╭──
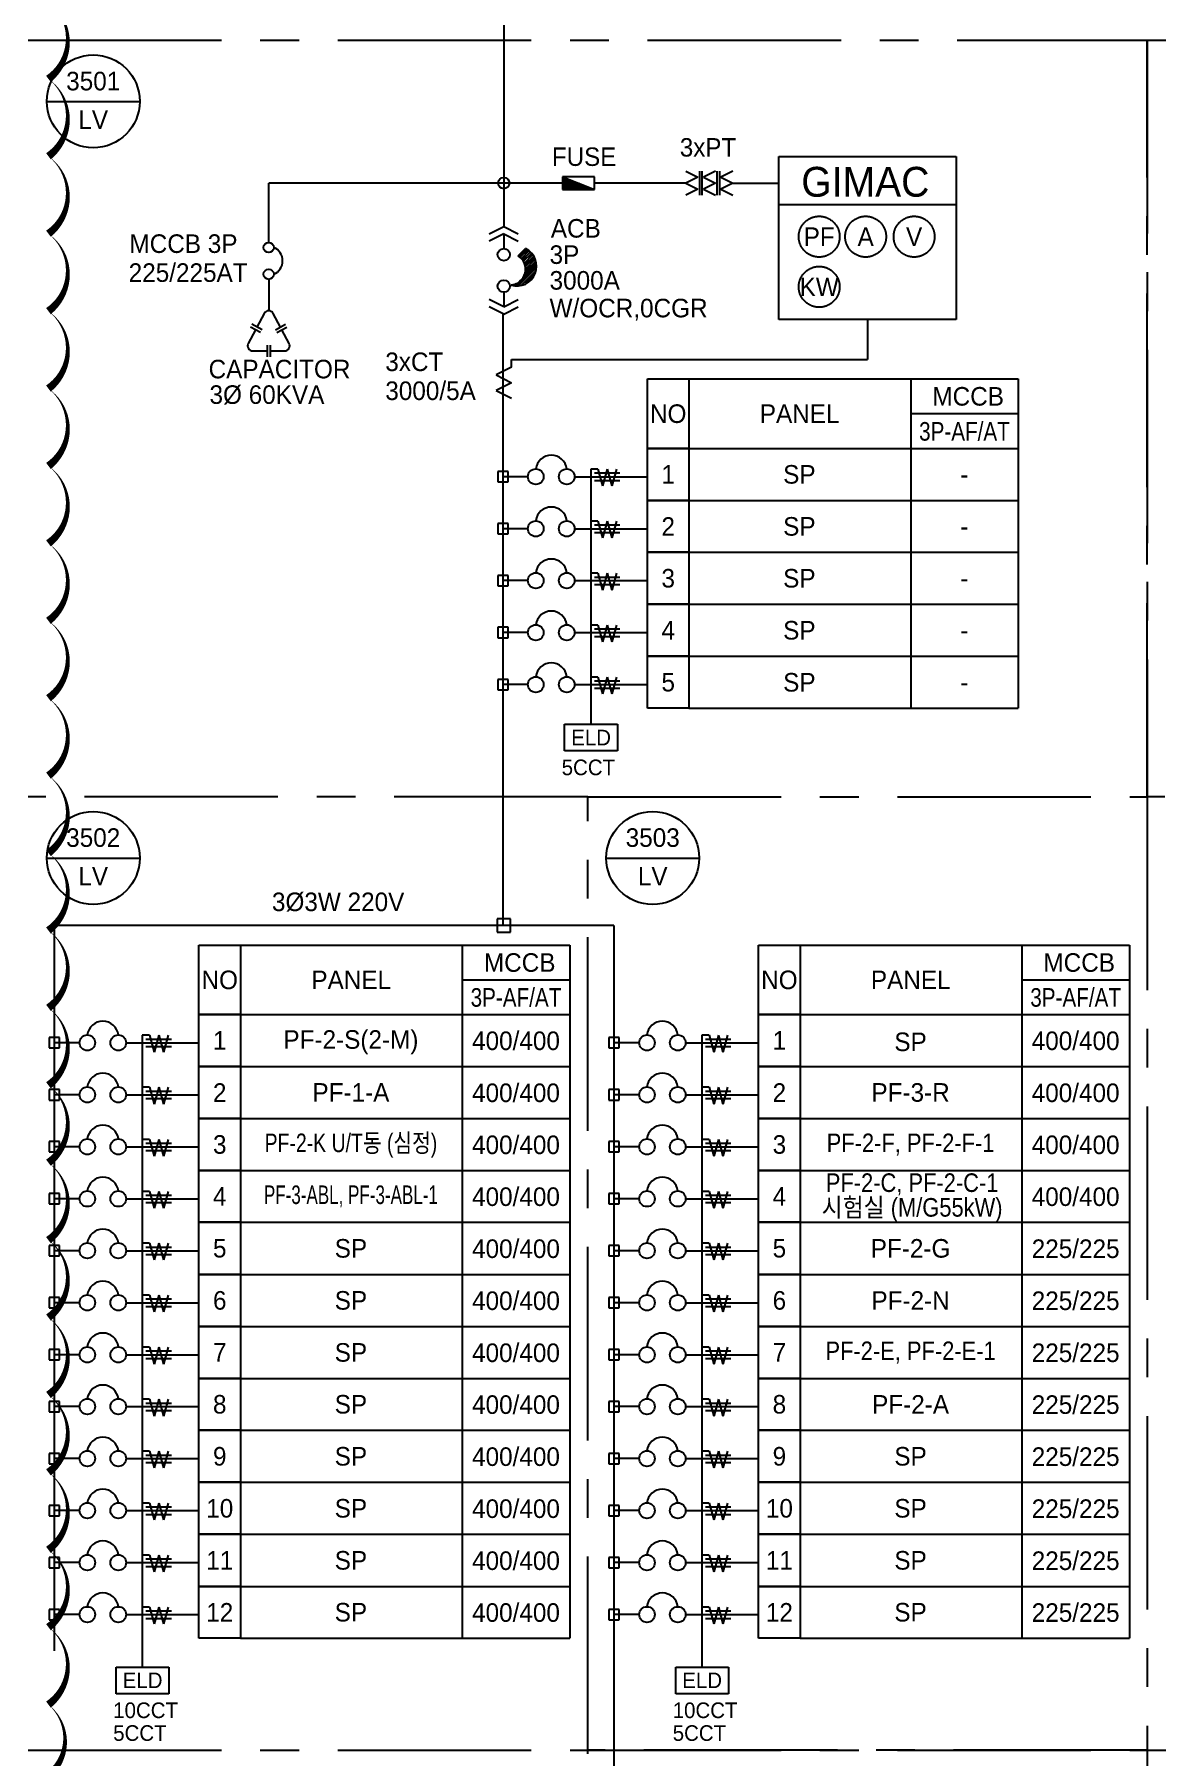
# Model space of a CAD drawing. Header units: millimetres. Extents: x 0 to 252300, y -45585 to -15885.
# Drawn here: x 133963 to 141209, y -37294 to -26172 of the extents above; entities that cross this region are included whole.
import ezdxf
from ezdxf.enums import TextEntityAlignment as Align

# ---------------------------------------------------------------- set-up
doc = ezdxf.new("R2010")
doc.units = ezdxf.units.MM
doc.header["$LTSCALE"] = 1000
doc.linetypes.add('CENTER', pattern=[2, 1.25, -0.25, 0.25, -0.25])
doc.linetypes.add('ELP', pattern=[16.5, 14, -1, 0.5, -1])
for name, color, linetype in [('150', 6, 'Continuous'), ('50', 3, 'Continuous'), ('60', 2, 'Continuous'), ('ABC', 1, 'Continuous'), ('BUS', 6, 'Continuous'), ('L1-CEILING', 3, 'Continuous'), ('L3-GROUND', 2, 'ELP'), ('LAR', 1, 'Continuous'), ('line', 9, 'Continuous'), ('LINE3', 1, 'CENTER'), ('SYM', 3, 'Continuous'), ('TEXT', 3, 'Continuous')]:
    doc.layers.add(name, color=color, linetype=linetype)
doc.styles.add('돋움', font='')
doc.styles.get('돋움').set_extended_font_data('Dotum')

msp = doc.modelspace()

# ---------------------------------------------------------------- linework, layer by layer
at = {"color": 6}
for p, q in [((135476, -27515), (135476, -27132)), ((136994, -27132), (135476, -27132)), ((137374, -27095), (137452, -27173)), ((137374, -27103), (137445, -27173)), ((137374, -27110), (137437, -27173)), ((137374, -27117), (137430, -27173)), ((137374, -27124), (137423, -27173)), ((137374, -27132), (137416, -27173)), ((137374, -27139), (137408, -27173)), ((137379, -27093), (137459, -27173)), ((137391, -27097), (137466, -27173)), ((137403, -27102), (137474, -27173)), ((137415, -27107), (137481, -27173)), ((137427, -27112), (137488, -27173)), ((137439, -27117), (137495, -27173)), ((137451, -27122), (137503, -27173)), ((137463, -27126), (137510, -27173)), ((137476, -27131), (137517, -27173)), ((137488, -27136), (137524, -27173)), ((137374, -27146), (137401, -27173)), ((137374, -27153), (137394, -27173)), ((137374, -27161), (137387, -27173)), ((137374, -27168), (137379, -27173)), ((137500, -27141), (137532, -27173)), ((137512, -27146), (137539, -27173)), ((137524, -27151), (137546, -27173)), ((137536, -27155), (137553, -27173)), ((137548, -27160), (137561, -27173)), ((137560, -27165), (137568, -27173)), ((137572, -27170), (137575, -27173)), ((137093, -27603), (137141, -27556)), ((137101, -27611), (137150, -27562)), ((137109, -27619), (137159, -27568)), ((137116, -27627), (137167, -27576)), ((137075, -27793), (137204, -27664)), ((137092, -27792), (137204, -27680)), ((137122, -27637), (137175, -27584)), ((137124, -27729), (137203, -27649)), ((137127, -27648), (137182, -27593)), ((137130, -27660), (137188, -27603)), ((137132, -27705), (137201, -27636)), ((137133, -27673), (137193, -27613)), ((137134, -27688), (137197, -27624)), ((135476, -27754), (135476, -27957)), ((137048, -27790), (137052, -27786)), ((137061, -27792), (137075, -27778)), ((137111, -27788), (137200, -27700)), ((137137, -27778), (137189, -27726)), ((135424, -28097), (135358, -28062)), ((135433, -28079), (135367, -28044)), ((135519, -28079), (135585, -28044)), ((135528, -28097), (135594, -28062)), ((135466, -28179), (135466, -28254)), ((135486, -28179), (135486, -28254)), ((137022, -28994), (136955, -28994)), ((136955, -28994), (136955, -29062)), ((137151, -29028), (136987, -29028)), ((137022, -29062), (137022, -28994)), ((137451, -29028), (137922, -29028)), ((136955, -29062), (137022, -29062)), ((137022, -29330), (136955, -29330)), ((136955, -29330), (136955, -29397)), ((137151, -29364), (136987, -29364)), ((137022, -29397), (137022, -29330)), ((137451, -29364), (137922, -29364)), ((136955, -29397), (137022, -29397)), ((137022, -29666), (136955, -29666)), ((136955, -29666), (136955, -29733)), ((137022, -29733), (137022, -29666)), ((136955, -29733), (137022, -29733)), ((137151, -29699), (136987, -29699)), ((137451, -29699), (137922, -29699)), ((137022, -30001), (136955, -30001)), ((136955, -30001), (136955, -30069)), ((137022, -30069), (137022, -30001)), ((136955, -30069), (137022, -30069)), ((137151, -30035), (136987, -30035)), ((137451, -30035), (137922, -30035)), ((137022, -30337), (136955, -30337)), ((136955, -30337), (136955, -30404)), ((137022, -30404), (137022, -30337)), ((136955, -30404), (137022, -30404)), ((137151, -30371), (136987, -30371)), ((137451, -30371), (137922, -30371)), ((136951, -31883), (136951, -31969)), ((137037, -31883), (136951, -31883)), ((137037, -31969), (137037, -31883)), ((136951, -31969), (137037, -31969)), ((134126, -32651), (134059, -32651)), ((134059, -32651), (134059, -32718)), ((134255, -32684), (134091, -32684)), ((134126, -32718), (134126, -32651)), ((134555, -32684), (135026, -32684)), ((137739, -32651), (137672, -32651)), ((137672, -32651), (137672, -32718)), ((137868, -32684), (137705, -32684)), ((137739, -32718), (137739, -32651)), ((138169, -32684), (138639, -32684)), ((134059, -32718), (134126, -32718)), ((137672, -32718), (137739, -32718)), ((134126, -32986), (134059, -32986)), ((134059, -32986), (134059, -33054)), ((134255, -33020), (134091, -33020)), ((134126, -33054), (134126, -32986)), ((134555, -33020), (135026, -33020)), ((137739, -32986), (137672, -32986)), ((137672, -32986), (137672, -33054)), ((137868, -33020), (137705, -33020)), ((137739, -33054), (137739, -32986)), ((138169, -33020), (138639, -33020)), ((134059, -33054), (134126, -33054)), ((137672, -33054), (137739, -33054)), ((134126, -33322), (134059, -33322)), ((134059, -33322), (134059, -33389)), ((134255, -33356), (134091, -33356)), ((134126, -33389), (134126, -33322)), ((134555, -33356), (135026, -33356)), ((137739, -33322), (137672, -33322)), ((137672, -33322), (137672, -33389)), ((137868, -33356), (137705, -33356)), ((137739, -33389), (137739, -33322)), ((138169, -33356), (138639, -33356)), ((134059, -33389), (134126, -33389)), ((137672, -33389), (137739, -33389)), ((134126, -33658), (134059, -33658)), ((134059, -33658), (134059, -33725)), ((134255, -33692), (134091, -33692)), ((134126, -33725), (134126, -33658)), ((134555, -33692), (135026, -33692)), ((137739, -33658), (137672, -33658)), ((137672, -33658), (137672, -33725)), ((137868, -33692), (137705, -33692)), ((137739, -33725), (137739, -33658)), ((138169, -33692), (138639, -33692)), ((134059, -33725), (134126, -33725)), ((137672, -33725), (137739, -33725)), ((134126, -33994), (134059, -33994)), ((134059, -33994), (134059, -34061)), ((134255, -34027), (134091, -34027)), ((134126, -34061), (134126, -33994)), ((134555, -34027), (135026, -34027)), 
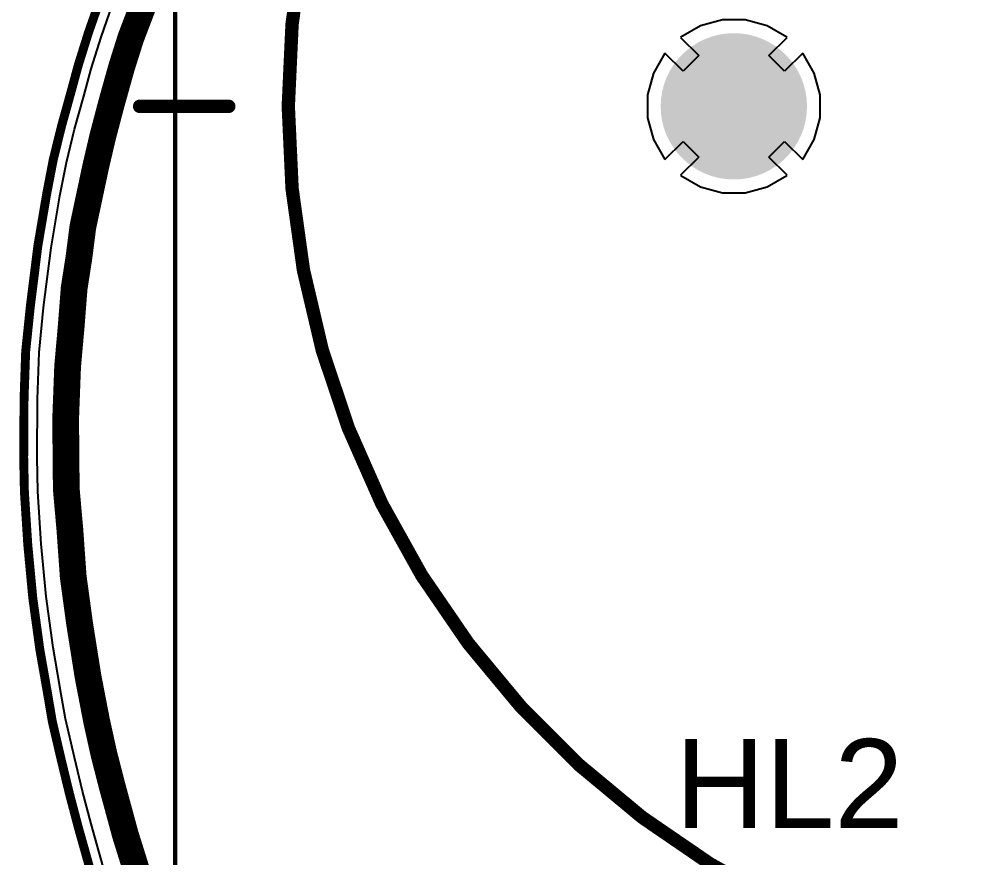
# Model space of a CAD drawing. Header units: inches. Extents: x -21.6 to 21.4, y -24.6 to 14.5.
# Drawn here: x -14.74 to -3.93, y -4.81 to 4.6 of the extents above; entities that cross this region are included whole.
import ezdxf

# ---------------------------------------------------------------- set-up
doc = ezdxf.new("R2010")
doc.units = ezdxf.units.IN
for name, color, linetype in [('Bottom 3D Body', 56, 'Continuous'), ('Bottom Courtyard', 56, 'Continuous'), ('Bottom Layer', 5, 'Continuous'), ('Bottom Overlay', 54, 'Continuous'), ('Bottom Solder', 6, 'Continuous'), ('Mechanical 4', 56, 'Continuous'), ('Multi-Layer', 9, 'Continuous'), ('Pad Holes', 156, 'Continuous'), ('Top Layer', 1, 'Continuous'), ('Top Overlay', 2, 'Continuous'), ('Top Solder', 216, 'Continuous')]:
    doc.layers.add(name, color=color, linetype=linetype)
doc.styles.add('Arial', font='', dxfattribs={"height": 0.2})
doc.styles.get('Arial').set_extended_font_data('Arial')

# ---------------------------------------------------------------- blocks, each defined once
blk = doc.blocks.new('CR2032_VAY3_15_2_B_60')
at = {"layer": 'Bottom Layer'}
h = blk.add_hatch(color=5, dxfattribs=at)
edge = h.paths.add_edge_path()
edge.add_arc((5, 0), 0.719, 0, 360)
at = {"layer": 'Bottom Solder'}
h = blk.add_hatch(color=6, dxfattribs=at)
edge = h.paths.add_edge_path()
edge.add_arc((5, 0), 0.821, 0, 360)
at = {"layer": 'Multi-Layer'}
h = blk.add_hatch(color=9, dxfattribs=at)
edge = h.paths.add_edge_path()
edge.add_arc((5, 0), 0.719, 0, 360)
at = {"layer": 'Pad Holes'}
h = blk.add_hatch(color=7, dxfattribs=at)
edge = h.paths.add_edge_path()
edge.add_arc((5, 0), 0.465, 0, 360)
at = {"layer": 'Top Layer'}
h = blk.add_hatch(color=1, dxfattribs=at)
edge = h.paths.add_edge_path()
edge.add_arc((5, 0), 0.719, 0, 360)
at = {"layer": 'Top Solder'}
h = blk.add_hatch(color=216, dxfattribs=at)
edge = h.paths.add_edge_path()
edge.add_arc((5, 0), 0.821, 0, 360)
at = {"layer": 'Bottom 3D Body'}
for points in [[(10, 0, 0.127, 0.127, 1), (-10, 0, 0.127, 0.127, 1)], [(9.968, 0, 0.0635, 0.0635, 1), (10.032, 0, 0.0635, 0.0635, 1)], [(10.636, 0, 0.0635, 0.0635, 1), (10.7, 0, 0.0635, 0.0635, 1)], [(11.636, 0, 0.0635, 0.0635, 1), (11.7, 0, 0.0635, 0.0635, 1)]]:
    blk.add_lwpolyline(points, format="xyseb", close=True, dxfattribs=at)
blk.add_lwpolyline([(11.668, 0, 0.127, 0.127, 0), (10.668, 0, 0.127, 0.127, 0)], format="xyseb", dxfattribs=at)
at = {"layer": 'Bottom Courtyard'}
blk.add_lwpolyline([(11.269, 10.25, 0.05, 0.05, 0), (11.269, -10.25, 0.05, 0.05, 0)], format="xyseb", dxfattribs=at)
at = {"layer": 'Bottom Overlay'}
for points in [[(0, 10, 0.15, 0.15, -0.414214), (10, 0, 0.15, 0.15, 0)], [(10, 0, 0.15, 0.15, -0.414214), (0, -10, 0.15, 0.15, 0)], [(11.668, 0, 0.15, 0.15, 0), (10.668, 0, 0.15, 0.15, 0)]]:
    blk.add_lwpolyline(points, format="xyseb", dxfattribs=at)
for points in [[(9.963, 0, 0.075, 0.075, 1), (10.038, 0, 0.075, 0.075, 1)], [(9.962, 0, 0.075, 0.075, 1), (10.037, 0, 0.075, 0.075, 1)], [(10.63, 0, 0.075, 0.075, 1), (10.706, 0, 0.075, 0.075, 1)], [(11.63, 0, 0.075, 0.075, 1), (11.706, 0, 0.075, 0.075, 1)]]:
    blk.add_lwpolyline(points, format="xyseb", close=True, dxfattribs=at)

msp = doc.modelspace()

# ---------------------------------------------------------------- linework, layer by layer
at = {"layer": 'Bottom Layer'}
for p, q in [((-13.968, 4.45), (-13.807, 4.91)), ((-6.853, 4.594), (-7.099, 4.528)), ((-6.597, 4.594), (-6.853, 4.594)), ((-6.351, 4.528), (-6.597, 4.594)), ((-14.081, 4.089), (-13.968, 4.45)), ((-7.099, 4.528), (-7.32, 4.4)), ((-6.13, 4.4), (-6.351, 4.528)), ((-7.32, 4.4), (-7.322, 4.399)), ((-7.322, 4.399), (-7.118, 4.195)), ((-6.332, 4.195), (-6.128, 4.399)), ((-6.128, 4.399), (-6.13, 4.4)), ((-7.5, 4.22), (-7.628, 3.999)), ((-7.499, 4.222), (-7.5, 4.22)), ((-7.295, 4.018), (-7.499, 4.222)), ((-5.951, 4.222), (-6.155, 4.018)), ((-5.95, 4.22), (-5.951, 4.222)), ((-5.822, 3.999), (-5.95, 4.22)), ((-7.118, 4.195), (-7.295, 4.018)), ((-6.155, 4.018), (-6.332, 4.195)), ((-14.165, 3.779), (-14.081, 4.089)), ((-7.628, 3.999), (-7.694, 3.753)), ((-5.756, 3.753), (-5.822, 3.999)), ((-14.269, 3.405), (-14.165, 3.779)), ((-7.694, 3.753), (-7.694, 3.497)), ((-5.756, 3.497), (-5.756, 3.753)), ((-7.694, 3.497), (-7.628, 3.251)), ((-5.822, 3.251), (-5.756, 3.497)), ((-14.362, 3.028), (-14.269, 3.405)), ((-7.628, 3.251), (-7.5, 3.03)), ((-5.95, 3.03), (-5.822, 3.251)), ((-7.499, 3.028), (-7.295, 3.232)), ((-7.295, 3.232), (-7.118, 3.055)), ((-6.332, 3.055), (-6.155, 3.232)), ((-6.155, 3.232), (-5.951, 3.028)), ((-14.435, 2.648), (-14.362, 3.028)), ((-7.5, 3.03), (-7.499, 3.028)), ((-7.118, 3.055), (-7.322, 2.851)), ((-6.128, 2.851), (-6.332, 3.055)), ((-5.951, 3.028), (-5.95, 3.03)), ((-7.322, 2.851), (-7.32, 2.85)), ((-7.32, 2.85), (-7.099, 2.722)), ((-6.351, 2.722), (-6.13, 2.85)), ((-6.13, 2.85), (-6.128, 2.851)), ((-7.099, 2.722), (-6.853, 2.656)), ((-6.597, 2.656), (-6.351, 2.722)), ((-14.535, 2.059), (-14.435, 2.648)), ((-6.853, 2.656), (-6.597, 2.656)), ((-14.619, 1.385), (-14.535, 2.059)), ((-14.672, 0.872), (-14.619, 1.385)), ((-14.69, 0.343), (-14.672, 0.872)), ((-14.694, -0.317), (-14.69, 0.343)), ((-14.686, -0.703), (-14.694, -0.317)), ((-14.648, -1.296), (-14.686, -0.703)), ((-14.592, -1.892), (-14.648, -1.296)), ((-14.513, -2.47), (-14.592, -1.892)), ((-14.431, -2.936), (-14.513, -2.47)), ((-14.373, -3.278), (-14.431, -2.936)), ((-14.271, -3.716), (-14.373, -3.278)), ((-14.179, -4.095), (-14.271, -3.716)), ((-14.081, -4.467), (-14.179, -4.095)), ((-13.944, -4.954), (-14.081, -4.467))]:
    msp.add_line(p, q, dxfattribs=at)
at = {"layer": 'Mechanical 4'}
for points in [[(-13.968, 4.45, 0.1, 0.1, 0), (-13.807, 4.91, 0.1, 0.1, 0)], [(-14.081, 4.089, 0.1, 0.1, 0), (-13.968, 4.45, 0.1, 0.1, 0)], [(-14.165, 3.779, 0.1, 0.1, 0), (-14.081, 4.089, 0.1, 0.1, 0)], [(-14.269, 3.405, 0.1, 0.1, 0), (-14.165, 3.779, 0.1, 0.1, 0)], [(-14.362, 3.028, 0.1, 0.1, 0), (-14.269, 3.405, 0.1, 0.1, 0)], [(-14.435, 2.648, 0.1, 0.1, 0), (-14.362, 3.028, 0.1, 0.1, 0)], [(-14.535, 2.059, 0.1, 0.1, 0), (-14.435, 2.648, 0.1, 0.1, 0)], [(-14.619, 1.385, 0.1, 0.1, 0), (-14.535, 2.059, 0.1, 0.1, 0)], [(-14.672, 0.872, 0.1, 0.1, 0), (-14.619, 1.385, 0.1, 0.1, 0)], [(-14.69, 0.343, 0.1, 0.1, 0), (-14.672, 0.872, 0.1, 0.1, 0)], [(-14.694, -0.317, 0.1, 0.1, 0), (-14.69, 0.343, 0.1, 0.1, 0)], [(-14.694, -0.317, 0.1, 0.1, 0), (-14.686, -0.703, 0.1, 0.1, 0)], [(-14.686, -0.703, 0.1, 0.1, 0), (-14.648, -1.296, 0.1, 0.1, 0)], [(-14.648, -1.296, 0.1, 0.1, 0), (-14.592, -1.892, 0.1, 0.1, 0)], [(-14.592, -1.892, 0.1, 0.1, 0), (-14.513, -2.47, 0.1, 0.1, 0)], [(-14.513, -2.47, 0.1, 0.1, 0), (-14.431, -2.936, 0.1, 0.1, 0)], [(-14.431, -2.936, 0.1, 0.1, 0), (-14.373, -3.278, 0.1, 0.1, 0)], [(-14.373, -3.278, 0.1, 0.1, 0), (-14.271, -3.716, 0.1, 0.1, 0)], [(-14.271, -3.716, 0.1, 0.1, 0), (-14.179, -4.095, 0.1, 0.1, 0)], [(-14.179, -4.095, 0.1, 0.1, 0), (-14.081, -4.467, 0.1, 0.1, 0)], [(-14.081, -4.467, 0.1, 0.1, 0), (-13.944, -4.954, 0.1, 0.1, 0)]]:
    msp.add_lwpolyline(points, format="xyseb", dxfattribs=at)
for points in [[(-13.993, 4.45, 0.05, 0.05, 1), (-13.943, 4.45, 0.05, 0.05, 1)], [(-13.993, 4.45, 0.05, 0.05, 1), (-13.943, 4.45, 0.05, 0.05, 1)], [(-14.106, 4.089, 0.05, 0.05, 1), (-14.056, 4.089, 0.05, 0.05, 1)], [(-14.106, 4.089, 0.05, 0.05, 1), (-14.056, 4.089, 0.05, 0.05, 1)], [(-14.19, 3.779, 0.05, 0.05, 1), (-14.14, 3.779, 0.05, 0.05, 1)], [(-14.19, 3.779, 0.05, 0.05, 1), (-14.14, 3.779, 0.05, 0.05, 1)], [(-14.294, 3.405, 0.05, 0.05, 1), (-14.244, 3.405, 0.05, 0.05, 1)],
╰──
● Exercise:
Search term "Courtyard": return each line of the data that contains it.

● Answer for the task:
for name, color, linetype in [('Bottom 3D Body', 56, 'Continuous'), ('Bottom Courtyard', 56, 'Continuous'), ('Bottom Layer', 5, 'Continuous'), ('Bottom Overlay', 54, 'Continuous'), ('Bottom Solder', 6, 'Continuous'), ('Mechanical 4', 56, 'Continuous'), ('Multi-Layer', 9, 'Continuous'), ('Pad Holes', 156, 'Continuous'), ('Top Layer', 1, 'Continuous'), ('Top Overlay', 2, 'Continuous'), ('Top Solder', 216, 'Continuous')]:
at = {"layer": 'Bottom Courtyard'}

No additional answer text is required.